Penilaian terhadap aroma pada gambar 6 menunjukkan bahwa mie kering dari ketiga perlakuan mempunyai nilai yang hampir sama. Hasil analisis sidik ragam (lampiran 07b) menunjukkan bahwa respon panelis terhadap aroma mie kering yang dihasilkan tidak berbeda nyata. Panelis agak menyukai aroma mie kering dari ketiga perlakuan.



2.    Rasa
Rasa merupakan sensasi yang diproduksi oleh material yang dimasukkan ke dalam mulut, dirasakan prinsipnya oleh indera perasa dalam mulut. Menurut Winarno (2004) rasa dipengaruhi oleh beberapa faktor yaitu senyawa kimia, suhu, konsentrasi dan interaksi dengan komponen rasa lain yaitu komponen rasa primer. Akibat yang ditimbulkan mungkin peningkatan intensitas rasa atau penurunan intensitas rasa  (test compensation). Hasil analisa organoleptik terhadap rasa mie kering dapat dilihat dalam gambar 6.
Penilaian terhadap rasa mie kering dalam gambar 6 menunjukkan bahwa rasa mie kering dari ketiga perlakuan mempunyai nilai yang hampir sama. Hasil analisis sidik ragam (lampiran 8b) menunjukkan bahwa respon panelis tidak berbeda nyata terhadap rasa mie kering dari ketiga perlakuan. Panelis agak menyukai rasa mie kering tersebut dari semua perlakuan.

3.    Tekstur
Tekstur suatu bahan merupakan salah satu sifat fisik dari bahan pangan yang penting. Tekstur suatu bahan merupakan salah satu sifat fisik dari bahan pangan yang penting. Hal ini berhubungan dengan rasa pada waktu mengunyah bahan tersebut (Rampengan, 1985).
Tekstur merupakan salah satu atribut mutu yang penting, kadang-kadang lebih penting dari pada bau, rasa, dan warna. Tekstur merupakan sensasi tekanan yang dapat diamati dengan mulut (pada waktu digigit, dikunyah, dan ditelan) ataupun perabaan dengan jari (Kartika, et all., 1988).     
Penilaian terhadap tekstur mie kering pada gambar 6 menunjukkan bahwa tekstur mie kering mempunyai penilaian yang sama. Hasil analisa proksimat (lampiran 9b) menunjukkan bahwa respon panelis terhadap tekstur mie kering tidak berbeda nyata diantara ketiga perlakuan. Panelis agak menyukai mie kering tersebut dari semua perlakuan.

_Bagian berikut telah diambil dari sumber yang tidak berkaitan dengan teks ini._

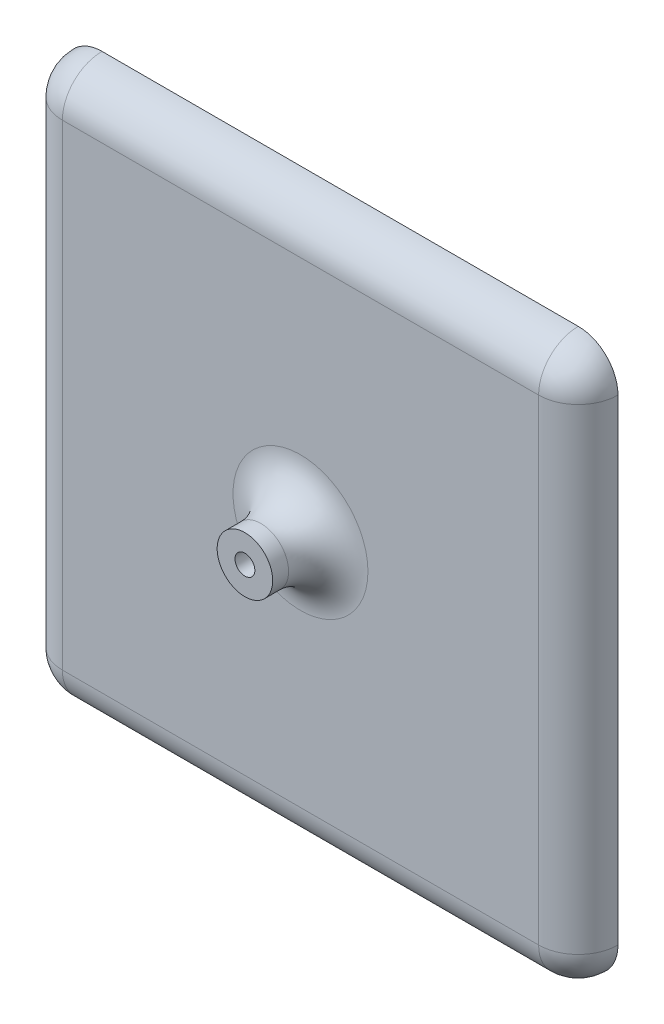
ISO-10303-21;
HEADER;
FILE_DESCRIPTION(('STEP AP214'),'2;1');
FILE_NAME('part.step','',(''),(''),'','','');
FILE_SCHEMA(('AUTOMOTIVE_DESIGN { 1 0 10303 214 1 1 1 1 }'));
ENDSEC;
DATA;
#1=APPLICATION_CONTEXT('core data for automotive mechanical design processes');
#2=APPLICATION_PROTOCOL_DEFINITION('international standard','automotive_design',2000,#1);
#3=PRODUCT_CONTEXT('',#1,'mechanical');
#4=PRODUCT('Part','Part','',(#3));
#5=PRODUCT_RELATED_PRODUCT_CATEGORY('part','',(#4));
#6=PRODUCT_DEFINITION_FORMATION('','',#4);
#7=PRODUCT_DEFINITION_CONTEXT('part definition',#1,'design');
#8=PRODUCT_DEFINITION('design','',#6,#7);
#9=PRODUCT_DEFINITION_SHAPE('','',#8);
#10=(LENGTH_UNIT() NAMED_UNIT(*) SI_UNIT(.MILLI.,.METRE.));
#11=(NAMED_UNIT(*) PLANE_ANGLE_UNIT() SI_UNIT($,.RADIAN.));
#12=(NAMED_UNIT(*) SI_UNIT($,.STERADIAN.) SOLID_ANGLE_UNIT());
#13=UNCERTAINTY_MEASURE_WITH_UNIT(LENGTH_MEASURE(1.E-05),#10,'distance_accuracy_value','');
#14=(GEOMETRIC_REPRESENTATION_CONTEXT(3) GLOBAL_UNCERTAINTY_ASSIGNED_CONTEXT((#13)) GLOBAL_UNIT_ASSIGNED_CONTEXT((#10,
#11,#12)) REPRESENTATION_CONTEXT('',''));
#15=CARTESIAN_POINT('',(0.,0.,0.));
#16=DIRECTION('',(0.,0.,1.));
#17=DIRECTION('',(1.,0.,0.));
#18=AXIS2_PLACEMENT_3D('',#15,#16,#17);
#19=CARTESIAN_POINT('',(0.,0.,10.));
#20=DIRECTION('',(0.,0.,1.));
#21=DIRECTION('',(1.,0.,0.));
#22=AXIS2_PLACEMENT_3D('',#19,#20,#21);
#23=PLANE('',#22);
#24=CARTESIAN_POINT('',(34.1306184521798,70.,10.));
#25=DIRECTION('',(0.,0.,1.));
#26=DIRECTION('',(1.,0.,0.));
#27=AXIS2_PLACEMENT_3D('',#24,#25,#26);
#28=CIRCLE('',#27,17.);
#29=CARTESIAN_POINT('',(51.1306184521798,70.,10.));
#30=VERTEX_POINT('',#29);
#31=EDGE_CURVE('E43',#30,#30,#28,.F.);
#32=ORIENTED_EDGE('',*,*,#31,.T.);
#33=EDGE_LOOP('',(#32));
#34=FACE_BOUND('',#33,.T.);
#35=DIRECTION('',(1.,0.,0.));
#36=VECTOR('',#35,1.);
#37=CARTESIAN_POINT('',(104.13061845218,10.,10.));
#38=LINE('',#37,#36);
#39=CARTESIAN_POINT('',(-25.8693815478202,10.,10.));
#40=VERTEX_POINT('',#39);
#41=CARTESIAN_POINT('',(94.1306184521798,10.,10.));
#42=VERTEX_POINT('',#41);
#43=EDGE_CURVE('E96',#40,#42,#38,.T.);
#44=ORIENTED_EDGE('',*,*,#43,.T.);
#45=DIRECTION('',(0.,1.,0.));
#46=VECTOR('',#45,1.);
#47=CARTESIAN_POINT('',(94.1306184521798,130.,10.));
#48=LINE('',#47,#46);
#49=CARTESIAN_POINT('',(94.1306184521798,130.,10.));
#50=VERTEX_POINT('',#49);
#51=EDGE_CURVE('E50',#42,#50,#48,.T.);
#52=ORIENTED_EDGE('',*,*,#51,.T.);
#53=DIRECTION('',(-1.,0.,0.));
#54=VECTOR('',#53,1.);
#55=CARTESIAN_POINT('',(-35.8693815478202,130.,10.));
#56=LINE('',#55,#54);
#57=CARTESIAN_POINT('',(-25.8693815478202,130.,10.));
#58=VERTEX_POINT('',#57);
#59=EDGE_CURVE('E114',#50,#58,#56,.T.);
#60=ORIENTED_EDGE('',*,*,#59,.T.);
#61=DIRECTION('',(0.,-1.,0.));
#62=VECTOR('',#61,1.);
#63=CARTESIAN_POINT('',(-25.8693815478202,10.,10.));
#64=LINE('',#63,#62);
#65=EDGE_CURVE('E101',#58,#40,#64,.T.);
#66=ORIENTED_EDGE('',*,*,#65,.T.);
#67=EDGE_LOOP('',(#44,#52,#60,#66));
#68=FACE_BOUND('',#67,.T.);
#69=ADVANCED_FACE('F35',(#34,#68),#23,.T.);
#70=CARTESIAN_POINT('',(0.,0.,0.));
#71=DIRECTION('',(0.,0.,1.));
#72=DIRECTION('',(1.,0.,0.));
#73=AXIS2_PLACEMENT_3D('',#70,#71,#72);
#74=PLANE('',#73);
#75=CARTESIAN_POINT('',(34.1306184521798,70.,0.));
#76=DIRECTION('',(0.,0.,1.));
#77=DIRECTION('',(1.,0.,0.));
#78=AXIS2_PLACEMENT_3D('',#75,#76,#77);
#79=CIRCLE('',#78,2.5);
#80=CARTESIAN_POINT('',(36.6306184521798,70.,0.));
#81=VERTEX_POINT('',#80);
#82=EDGE_CURVE('E199',#81,#81,#79,.T.);
#83=ORIENTED_EDGE('',*,*,#82,.T.);
#84=EDGE_LOOP('',(#83));
#85=FACE_BOUND('',#84,.T.);
#86=DIRECTION('',(0.,1.,0.));
#87=VECTOR('',#86,1.);
#88=CARTESIAN_POINT('',(104.13061845218,140.,0.));
#89=LINE('',#88,#87);
#90=CARTESIAN_POINT('',(104.13061845218,10.,0.));
#91=VERTEX_POINT('',#90);
#92=CARTESIAN_POINT('',(104.13061845218,130.,0.));
#93=VERTEX_POINT('',#92);
#94=EDGE_CURVE('E193',#91,#93,#89,.T.);
#95=ORIENTED_EDGE('',*,*,#94,.F.);
#96=CARTESIAN_POINT('',(94.1306184521798,10.,0.));
#97=DIRECTION('',(0.,0.,1.));
#98=DIRECTION('',(1.,0.,0.));
#99=AXIS2_PLACEMENT_3D('',#96,#97,#98);
#100=CIRCLE('',#99,10.);
#101=CARTESIAN_POINT('',(94.1306184521798,0.,0.));
#102=VERTEX_POINT('',#101);
#103=EDGE_CURVE('E107',#91,#102,#100,.F.);
#104=ORIENTED_EDGE('',*,*,#103,.T.);
#105=DIRECTION('',(1.,0.,0.));
#106=VECTOR('',#105,1.);
#107=CARTESIAN_POINT('',(-35.8693815478202,0.,0.));
#108=LINE('',#107,#106);
#109=CARTESIAN_POINT('',(-25.8693815478202,0.,0.));
#110=VERTEX_POINT('',#109);
#111=EDGE_CURVE('E95',#110,#102,#108,.T.);
#112=ORIENTED_EDGE('',*,*,#111,.F.);
#113=CARTESIAN_POINT('',(-25.8693815478202,10.,0.));
#114=DIRECTION('',(0.,0.,1.));
#115=DIRECTION('',(1.,0.,0.));
#116=AXIS2_PLACEMENT_3D('',#113,#114,#115);
#117=CIRCLE('',#116,10.);
#118=CARTESIAN_POINT('',(-35.8693815478202,10.,0.));
#119=VERTEX_POINT('',#118);
#120=EDGE_CURVE('E106',#110,#119,#117,.F.);
#121=ORIENTED_EDGE('',*,*,#120,.T.);
#122=DIRECTION('',(0.,-1.,0.));
#123=VECTOR('',#122,1.);
#124=CARTESIAN_POINT('',(-35.8693815478202,140.,0.));
#125=LINE('',#124,#123);
#126=CARTESIAN_POINT('',(-35.8693815478202,130.,0.));
#127=VERTEX_POINT('',#126);
#128=EDGE_CURVE('E108',#127,#119,#125,.T.);
#129=ORIENTED_EDGE('',*,*,#128,.F.);
#130=CARTESIAN_POINT('',(-25.8693815478202,130.,0.));
#131=DIRECTION('',(0.,0.,1.));
#132=DIRECTION('',(1.,0.,0.));
#133=AXIS2_PLACEMENT_3D('',#130,#131,#132);
#134=CIRCLE('',#133,10.);
#135=CARTESIAN_POINT('',(-25.8693815478202,140.,0.));
#136=VERTEX_POINT('',#135);
#137=EDGE_CURVE('E113',#127,#136,#134,.F.);
#138=ORIENTED_EDGE('',*,*,#137,.T.);
#139=DIRECTION('',(-1.,0.,0.));
#140=VECTOR('',#139,1.);
#141=CARTESIAN_POINT('',(-35.8693815478202,140.,0.));
#142=LINE('',#141,#140);
#143=CARTESIAN_POINT('',(94.1306184521798,140.,0.));
#144=VERTEX_POINT('',#143);
#145=EDGE_CURVE('E194',#144,#136,#142,.T.);
#146=ORIENTED_EDGE('',*,*,#145,.F.);
#147=CARTESIAN_POINT('',(94.1306184521798,130.,0.));
#148=DIRECTION('',(0.,0.,1.));
#149=DIRECTION('',(1.,0.,0.));
#150=AXIS2_PLACEMENT_3D('',#147,#148,#149);
#151=CIRCLE('',#150,10.);
#152=EDGE_CURVE('E124',#144,#93,#151,.F.);
#153=ORIENTED_EDGE('',*,*,#152,.T.);
#154=EDGE_LOOP('',(#95,#104,#112,#121,#129,#138,#146,#153));
#155=FACE_BOUND('',#154,.T.);
#156=ADVANCED_FACE('F105',(#85,#155),#74,.F.);
#157=CARTESIAN_POINT('',(34.1306184521798,70.,10.));
#158=DIRECTION('',(0.,0.,-1.));
#159=DIRECTION('',(-1.,0.,0.));
#160=AXIS2_PLACEMENT_3D('',#157,#158,#159);
#161=CYLINDRICAL_SURFACE('',#160,2.5);
#162=ORIENTED_EDGE('',*,*,#82,.F.);
#163=EDGE_LOOP('',(#162));
#164=FACE_BOUND('',#163,.T.);
#165=CARTESIAN_POINT('',(34.1306184521798,70.,24.));
#166=DIRECTION('',(0.,0.,1.));
#167=DIRECTION('',(1.,0.,0.));
#168=AXIS2_PLACEMENT_3D('',#165,#166,#167);
#169=CIRCLE('',#168,2.5);
#170=CARTESIAN_POINT('',(36.6306184521798,70.,24.));
#171=VERTEX_POINT('',#170);
#172=EDGE_CURVE('E130',#171,#171,#169,.T.);
#173=ORIENTED_EDGE('',*,*,#172,.T.);
#174=EDGE_LOOP('',(#173));
#175=FACE_BOUND('',#174,.T.);
#176=ADVANCED_FACE('F158',(#164,#175),#161,.F.);
#177=CARTESIAN_POINT('',(34.1306184521798,70.,24.));
#178=DIRECTION('',(0.,0.,1.));
#179=DIRECTION('',(1.,0.,0.));
#180=AXIS2_PLACEMENT_3D('',#177,#178,#179);
#181=PLANE('',#180);
#182=CARTESIAN_POINT('',(34.1306184521798,70.,24.));
#183=DIRECTION('',(0.,0.,1.));
#184=DIRECTION('',(1.,0.,0.));
#185=AXIS2_PLACEMENT_3D('',#182,#183,#184);
#186=CIRCLE('',#185,7.);
#187=CARTESIAN_POINT('',(27.1306184521798,70.,24.));
#188=VERTEX_POINT('',#187);
#189=EDGE_CURVE('E206',#188,#188,#186,.T.);
#190=ORIENTED_EDGE('',*,*,#189,.T.);
#191=EDGE_LOOP('',(#190));
#192=FACE_BOUND('',#191,.T.);
#193=ORIENTED_EDGE('',*,*,#172,.F.);
#194=EDGE_LOOP('',(#193));
#195=FACE_BOUND('',#194,.T.);
#196=ADVANCED_FACE('F213',(#192,#195),#181,.T.);
#197=CARTESIAN_POINT('',(34.1306184521798,70.,24.));
#198=DIRECTION('',(0.,0.,-1.));
#199=DIRECTION('',(-1.,0.,0.));
#200=AXIS2_PLACEMENT_3D('',#197,#198,#199);
#201=CYLINDRICAL_SURFACE('',#200,7.);
#202=CARTESIAN_POINT('',(34.1306184521798,70.,20.));
#203=DIRECTION('',(0.,0.,1.));
#204=DIRECTION('',(1.,0.,0.));
#205=AXIS2_PLACEMENT_3D('',#202,#203,#204);
#206=CIRCLE('',#205,7.);
#207=CARTESIAN_POINT('',(27.1306184521798,70.,20.));
#208=VERTEX_POINT('',#207);
#209=EDGE_CURVE('E11',#208,#208,#206,.T.);
#210=CARTESIAN_POINT('',(27.1306184521798,70.,20.));
#211=CARTESIAN_POINT('',(27.1306184521798,70.,20.0416666666667));
#212=CARTESIAN_POINT('',(27.1306184521798,70.,20.0833333333333));
#213=CARTESIAN_POINT('',(27.1306184521798,70.,20.1666666666667));
#214=CARTESIAN_POINT('',(27.1306184521798,70.,20.2083333333333));
#215=CARTESIAN_POINT('',(27.1306184521798,70.,20.2916666666667));
#216=CARTESIAN_POINT('',(27.1306184521798,70.,20.3333333333333));
#217=CARTESIAN_POINT('',(27.1306184521798,70.,20.4166666666667));
#218=CARTESIAN_POINT('',(27.1306184521798,70.,20.4583333333333));
#219=CARTESIAN_POINT('',(27.1306184521798,70.,20.5416666666667));
#220=CARTESIAN_POINT('',(27.1306184521798,70.,20.5833333333333));
#221=CARTESIAN_POINT('',(27.1306184521798,70.,20.6666666666667));
#222=CARTESIAN_POINT('',(27.1306184521798,70.,20.7083333333333));
#223=CARTESIAN_POINT('',(27.1306184521798,70.,20.7916666666667));
#224=CARTESIAN_POINT('',(27.1306184521798,70.,20.8333333333333));
#225=CARTESIAN_POINT('',(27.1306184521798,70.,20.9166666666667));
#226=CARTESIAN_POINT('',(27.1306184521798,70.,20.9583333333333));
#227=CARTESIAN_POINT('',(27.1306184521798,70.,21.0416666666667));
#228=CARTESIAN_POINT('',(27.1306184521798,70.,21.0833333333333));
#229=CARTESIAN_POINT('',(27.1306184521798,70.,21.1666666666667));
#230=CARTESIAN_POINT('',(27.1306184521798,70.,21.2083333333333));
#231=CARTESIAN_POINT('',(27.1306184521798,70.,21.2916666666667));
#232=CARTESIAN_POINT('',(27.1306184521798,70.,21.3333333333333));
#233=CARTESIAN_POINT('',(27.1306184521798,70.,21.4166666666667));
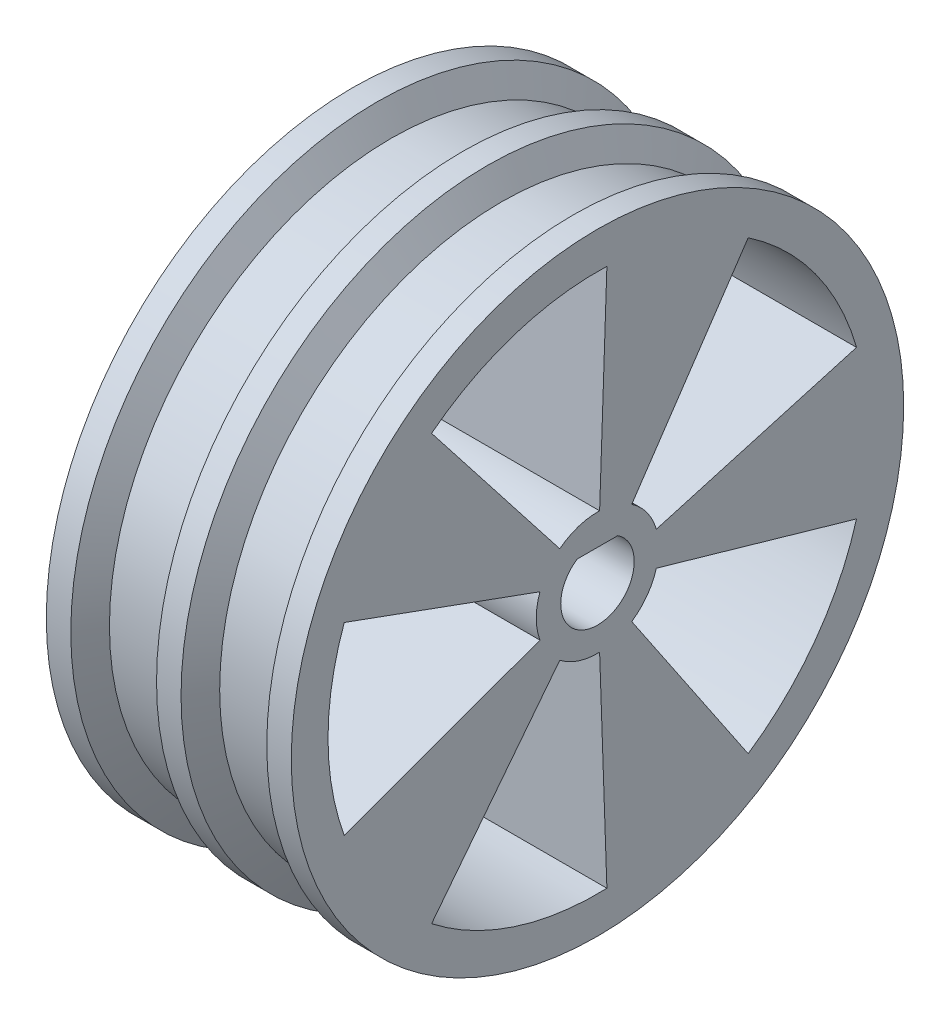
ISO-10303-21;
HEADER;
FILE_DESCRIPTION(('STEP AP214'),'2;1');
FILE_NAME('part.step','',(''),(''),'','','');
FILE_SCHEMA(('AUTOMOTIVE_DESIGN { 1 0 10303 214 1 1 1 1 }'));
ENDSEC;
DATA;
#1=APPLICATION_CONTEXT('core data for automotive mechanical design processes');
#2=APPLICATION_PROTOCOL_DEFINITION('international standard','automotive_design',2000,#1);
#3=PRODUCT_CONTEXT('',#1,'mechanical');
#4=PRODUCT('Part','Part','',(#3));
#5=PRODUCT_RELATED_PRODUCT_CATEGORY('part','',(#4));
#6=PRODUCT_DEFINITION_FORMATION('','',#4);
#7=PRODUCT_DEFINITION_CONTEXT('part definition',#1,'design');
#8=PRODUCT_DEFINITION('design','',#6,#7);
#9=PRODUCT_DEFINITION_SHAPE('','',#8);
#10=(LENGTH_UNIT() NAMED_UNIT(*) SI_UNIT(.MILLI.,.METRE.));
#11=(NAMED_UNIT(*) PLANE_ANGLE_UNIT() SI_UNIT($,.RADIAN.));
#12=(NAMED_UNIT(*) SI_UNIT($,.STERADIAN.) SOLID_ANGLE_UNIT());
#13=UNCERTAINTY_MEASURE_WITH_UNIT(LENGTH_MEASURE(1.E-05),#10,'distance_accuracy_value','');
#14=(GEOMETRIC_REPRESENTATION_CONTEXT(3) GLOBAL_UNCERTAINTY_ASSIGNED_CONTEXT((#13)) GLOBAL_UNIT_ASSIGNED_CONTEXT((#10,
#11,#12)) REPRESENTATION_CONTEXT('',''));
#15=CARTESIAN_POINT('',(0.,0.,0.));
#16=DIRECTION('',(0.,0.,1.));
#17=DIRECTION('',(1.,0.,0.));
#18=AXIS2_PLACEMENT_3D('',#15,#16,#17);
#19=CARTESIAN_POINT('',(-10.,2.5,1.6583123951777));
#20=DIRECTION('',(0.,1.,0.));
#21=DIRECTION('',(0.,0.,1.));
#22=AXIS2_PLACEMENT_3D('',#19,#20,#21);
#23=PLANE('',#22);
#24=DIRECTION('',(0.,0.,1.));
#25=VECTOR('',#24,1.);
#26=CARTESIAN_POINT('',(-6.,2.5,1.6583123951777));
#27=LINE('',#26,#25);
#28=CARTESIAN_POINT('',(-6.,2.5,-1.6583123951777));
#29=VERTEX_POINT('',#28);
#30=CARTESIAN_POINT('',(-6.,2.5,1.6583123951777));
#31=VERTEX_POINT('',#30);
#32=EDGE_CURVE('E227',#29,#31,#27,.T.);
#33=ORIENTED_EDGE('',*,*,#32,.F.);
#34=DIRECTION('',(1.,0.,0.));
#35=VECTOR('',#34,1.);
#36=CARTESIAN_POINT('',(-10.,2.5,-1.6583123951777));
#37=LINE('',#36,#35);
#38=CARTESIAN_POINT('',(10.,2.5,-1.6583123951777));
#39=VERTEX_POINT('',#38);
#40=EDGE_CURVE('E241',#29,#39,#37,.T.);
#41=ORIENTED_EDGE('',*,*,#40,.T.);
#42=DIRECTION('',(0.,0.,1.));
#43=VECTOR('',#42,1.);
#44=CARTESIAN_POINT('',(10.,2.5,1.6583123951777));
#45=LINE('',#44,#43);
#46=CARTESIAN_POINT('',(10.,2.5,1.6583123951777));
#47=VERTEX_POINT('',#46);
#48=EDGE_CURVE('E245',#39,#47,#45,.T.);
#49=ORIENTED_EDGE('',*,*,#48,.T.);
#50=DIRECTION('',(1.,0.,0.));
#51=VECTOR('',#50,1.);
#52=CARTESIAN_POINT('',(-10.,2.5,1.6583123951777));
#53=LINE('',#52,#51);
#54=EDGE_CURVE('E239',#31,#47,#53,.T.);
#55=ORIENTED_EDGE('',*,*,#54,.F.);
#56=EDGE_LOOP('',(#33,#41,#49,#55));
#57=FACE_BOUND('',#56,.T.);
#58=ADVANCED_FACE('F81',(#57),#23,.F.);
#59=CARTESIAN_POINT('',(-10.,0.,0.));
#60=DIRECTION('',(1.,0.,0.));
#61=DIRECTION('',(0.,0.,-1.));
#62=AXIS2_PLACEMENT_3D('',#59,#60,#61);
#63=PLANE('',#62);
#64=CARTESIAN_POINT('',(-10.,0.,0.));
#65=DIRECTION('',(1.,0.,0.));
#66=DIRECTION('',(0.,0.,-1.));
#67=AXIS2_PLACEMENT_3D('',#64,#65,#66);
#68=CIRCLE('',#67,5.);
#69=CARTESIAN_POINT('',(-10.,-4.99695413509548,-0.174497483512452));
#70=VERTEX_POINT('',#69);
#71=CARTESIAN_POINT('',(-10.,-3.94005376803357,3.07830737662834));
#72=VERTEX_POINT('',#71);
#73=EDGE_CURVE('E791',#70,#72,#68,.F.);
#74=ORIENTED_EDGE('',*,*,#73,.T.);
#75=DIRECTION('',(0.,0.788010753606723,-0.615661475325657));
#76=VECTOR('',#75,1.);
#77=CARTESIAN_POINT('',(-10.,0.,0.));
#78=LINE('',#77,#76);
#79=CARTESIAN_POINT('',(-10.,-17.3362365793479,13.5445524571645));
#80=VERTEX_POINT('',#79);
#81=EDGE_CURVE('E772',#80,#72,#78,.T.);
#82=ORIENTED_EDGE('',*,*,#81,.F.);
#83=CARTESIAN_POINT('',(-10.,0.,0.));
#84=DIRECTION('',(1.,0.,0.));
#85=DIRECTION('',(0.,0.,-1.));
#86=AXIS2_PLACEMENT_3D('',#83,#84,#85);
#87=CIRCLE('',#86,22.);
#88=CARTESIAN_POINT('',(-10.,-21.9865981944201,-0.767788927455052));
#89=VERTEX_POINT('',#88);
#90=EDGE_CURVE('E764',#89,#80,#87,.F.);
#91=ORIENTED_EDGE('',*,*,#90,.F.);
#92=DIRECTION('',(0.,0.999390827019096,0.0348994967025059));
#93=VECTOR('',#92,1.);
#94=CARTESIAN_POINT('',(-10.,0.,0.));
#95=LINE('',#94,#93);
#96=EDGE_CURVE('E782',#89,#70,#95,.T.);
#97=ORIENTED_EDGE('',*,*,#96,.T.);
#98=EDGE_LOOP('',(#74,#82,#91,#97));
#99=FACE_BOUND('',#98,.T.);
#100=CARTESIAN_POINT('',(-10.,0.,0.));
#101=DIRECTION('',(1.,0.,0.));
#102=DIRECTION('',(0.,0.,-1.));
#103=AXIS2_PLACEMENT_3D('',#100,#101,#102);
#104=CIRCLE('',#103,5.);
#105=CARTESIAN_POINT('',(-10.,-1.37818677908506,-4.8063084796917));
#106=VERTEX_POINT('',#105);
#107=CARTESIAN_POINT('',(-10.,-4.14518786277518,-2.79596451735377));
#108=VERTEX_POINT('',#107);
#109=EDGE_CURVE('E766',#106,#108,#104,.F.);
#110=ORIENTED_EDGE('',*,*,#109,.T.);
#111=DIRECTION('',(0.,0.829037572555044,0.559192903470743));
#112=VECTOR('',#111,1.);
#113=CARTESIAN_POINT('',(-10.,0.,0.));
#114=LINE('',#113,#112);
#115=CARTESIAN_POINT('',(-10.,-18.2388265962109,-12.3022438763564));
#116=VERTEX_POINT('',#115);
#117=EDGE_CURVE('E744',#116,#108,#114,.T.);
#118=ORIENTED_EDGE('',*,*,#117,.F.);
#119=CARTESIAN_POINT('',(-10.,0.,0.));
#120=DIRECTION('',(1.,0.,0.));
#121=DIRECTION('',(0.,0.,-1.));
#122=AXIS2_PLACEMENT_3D('',#119,#120,#121);
#123=CIRCLE('',#122,22.);
#124=CARTESIAN_POINT('',(-10.,-6.06402182797396,-21.147757310643));
#125=VERTEX_POINT('',#124);
#126=EDGE_CURVE('E736',#125,#116,#123,.F.);
#127=ORIENTED_EDGE('',*,*,#126,.F.);
#128=DIRECTION('',(0.,0.275637355816996,0.96126169593832));
#129=VECTOR('',#128,1.);
#130=CARTESIAN_POINT('',(-10.,0.,0.));
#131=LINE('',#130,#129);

                                                                                     V.       KESIMPULAN DAN SARAN
A.  Kesimpulan
Kesimpulan dari penelitian ini adalah sebagai berikut.
1.   Proses pengolahan mie kering dari tepung umbi gadung adalah pembuatan adonan, pembuatan lembaran tipis, pengukusan, pendinginan, pencetakan dan pengeringan.
2.   Respon panelis terhadap warna, rasa, aroma dan tekstur mie kering tidak berbeda nyata yaitu agak suka di antara ketiga perlakuan.
3.   Kadar air dan kadar lemak tidak berbeda nyata diantara ketiga perlakuan.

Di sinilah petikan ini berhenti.